Ohne HM kann man son Ding beim MTB vergessen.


----------



## MTB-News.de




----------



## Thomas (14. April 2003)

> _Original geschrieben von Thomas _
> *Wer mit dem Tacho keine Höhenmeter zählen oder seinen Pulsschlag auswerten möchte liegt mit dem BC1600 richtig. *


----------



## Christiane (15. April 2003)

Hallo Thomas,

danke für den prima Bericht.
Ich habe das Vorgängermodell BC 1400 und bin damit sehr zufrieden.

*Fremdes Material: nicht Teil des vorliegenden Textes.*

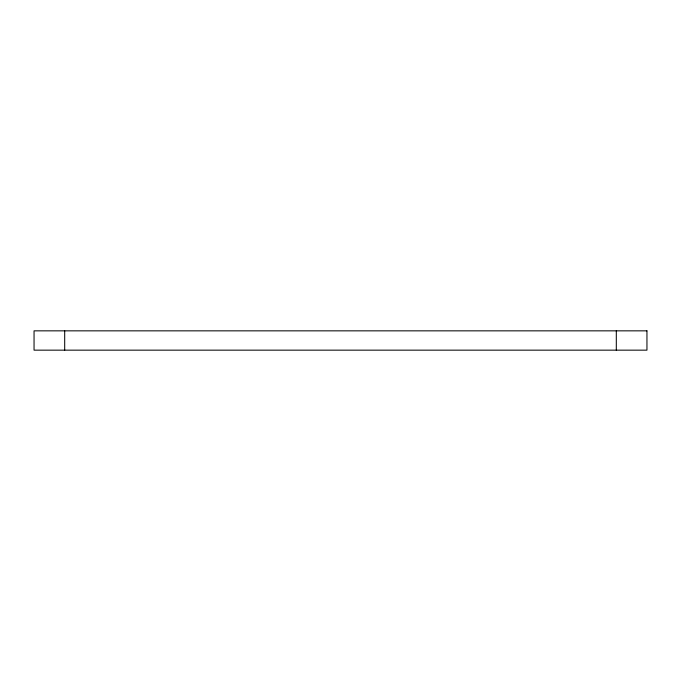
<?xml version="1.0" encoding="UTF-8"?>
<svg xmlns="http://www.w3.org/2000/svg" width="681" height="681" viewBox="0 0 681 681"><rect width="100%" height="100%" fill="white"/><g stroke="black" fill="none" stroke-linecap="round" stroke-linejoin="round"><path stroke-width="1.02" d="M616.305 330.847L616.305 350.153M64.695 330.847L64.695 350.153M646.95 330.847L34.05 330.847L34.05 350.153L646.95 350.153L646.95 330.847"/></g></svg>
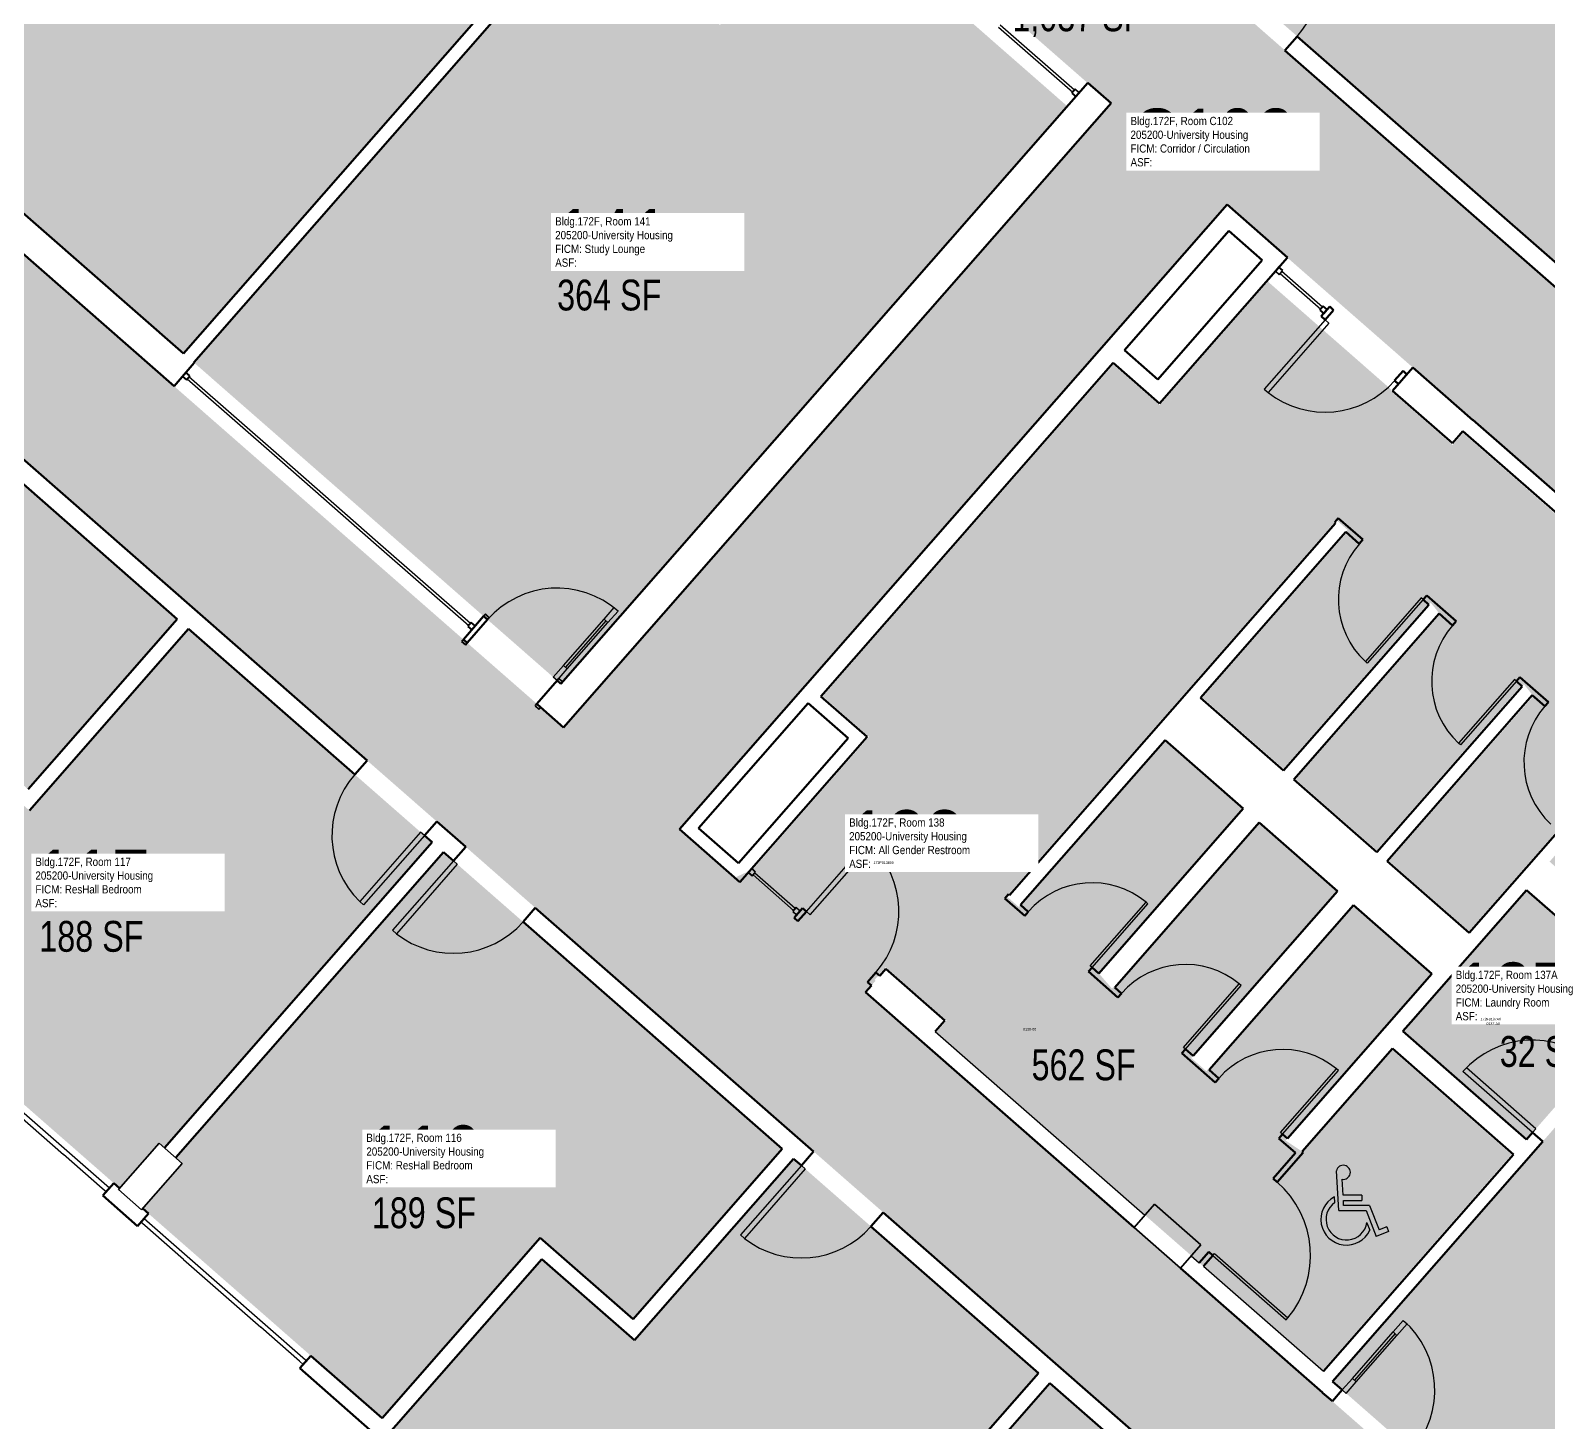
# Model space of a CAD drawing. Header units: inches. Extents: x 69234257 to 69236626, y 27656183 to 27658523.
# Drawn here: x 69234578 to 69235169, y 27657457 to 27657999 of the extents above; entities that cross this region are included whole.
import ezdxf
from ezdxf.enums import TextEntityAlignment as Align

# ---------------------------------------------------------------- set-up
doc = ezdxf.new("R2010")
doc.units = ezdxf.units.IN
doc.header["$LTSCALE"] = 100
doc.header["$MEASUREMENT"] = 0
doc.layers.get('0').update_dxf_attribs({"linetype": 'CONTINUOUS'})
for name, color, linetype in [('A-COLS', 5, 'CONTINUOUS'), ('A-DOOR', 2, 'CONTINUOUS'), ('A-GLAZ', 1, 'CONTINUOUS'), ('A-IDEN-ICON', 4, 'CONTINUOUS'), ('A-IDEN-RNUM', 7, 'CONTINUOUS'), ('A-IDEN-SNUM', 4, 'CONTINUOUS'), ('A-IDEN-VNUM', 4, 'CONTINUOUS'), ('A-WALL', 5, 'CONTINUOUS'), ('AREA-TEXT', 3, 'CONTINUOUS'), ('Rooms-Category-Color', 7, 'CONTINUOUS'), ('Rooms-College-Color', 7, 'CONTINUOUS'), ('Rooms-Department-Color', 7, 'CONTINUOUS'), ('Rooms-Division-Color', 7, 'CONTINUOUS'), ('Rooms-Information', 7, 'CONTINUOUS')]:
    doc.layers.add(name, color=color, linetype=linetype)
doc.styles.add('CP_AREA', font='arial.ttf', dxfattribs={"height": 15})
doc.styles.add('CP_ROOMSNUMBER', font='arial.ttf', dxfattribs={"height": 1})
doc.styles.add('CP_ROOMVNUMBER', font='arial.ttf', dxfattribs={"width": 0.85, "height": 0.075})

# ---------------------------------------------------------------- blocks, each defined once
blk = doc.blocks.new('CPHC')
for p, q in [((5.49, 8), (5.01, 15.77)), ((6.31, 11), (6.12, 14.1)), ((4.7, 9.57), (4.63, 10.7)), ((10, 11), (6.31, 11)), ((6.37, 10), (10, 10)), ((6.43, 9), (6.37, 10)), ((11.48, 9), (6.43, 9)), ((10, 11), (10, 10)), ((11.48, 9), (13.31, 4.28)), ((5.49, 8), (10.79, 8)), ((10.79, 8), (12.74, 2.99)), ((10.95, 5.66), (11.53, 4.17)), ((15.18, 3.93), (12.74, 2.99)), ((14.82, 4.87), (13.31, 4.28)), ((14.82, 4.87), (15.18, 3.93))]:
    blk.add_line(p, q)
for centre, radius, start, end in [((6.35, 15.46), 1.38, 260.2584, 166.6451), ((7, 6.3), 5, 118.3454, 334.8586), ((7, 6.3), 4, 125.1719, 350.8537)]:
    blk.add_arc(centre, radius, start, end)

msp = doc.modelspace()

# ---------------------------------------------------------------- hatches: boundary and pattern name
at = {"layer": 'Rooms-Category-Color', "true_color": 0x728ef3}
for points in [[(69234415.32, 27658063.14), (69234474.97, 27658010.88), (69234477.25, 27658013.54), (69234479.16, 27658011.86), (69234637.45, 27657873.19), (69234638.09, 27657873.92), (69234638.89, 27657874.84), (69234793.21, 27658051), (69234793.21, 27658051), (69234834.48, 27658098.1), (69234676.18, 27658236.77), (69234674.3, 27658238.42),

Was ich leider auch vermisse, ist der Höhenmesser. Wenn Sigma einen der Tachos mit Höhenmesser rausbringen würde, wär's perfekt!

Christiane


----------



## sharky (15. April 2003)

> _Original geschrieben von CreYgeN _
> *...und wo ist der Höhenmesser? Oder hab ich den überlesen?
> Ohne HM kann man son Ding beim MTB vergessen. *



wer lesen kann ist klar im vorteil!  

weisst du auch wieviel das gute stück denn kostet? interessant wäre für die meisten wohl auch der preis des funksets. ist das schon das neue oder das RCS?


----------



## Hartwig (16. April 2003)

Hallo,

ich war eben in einem Bike-Shop. Das Funk-Übertragungssystem ist auch neu, da Sigma die Aufnahme (wie beschrieben) verändert hat.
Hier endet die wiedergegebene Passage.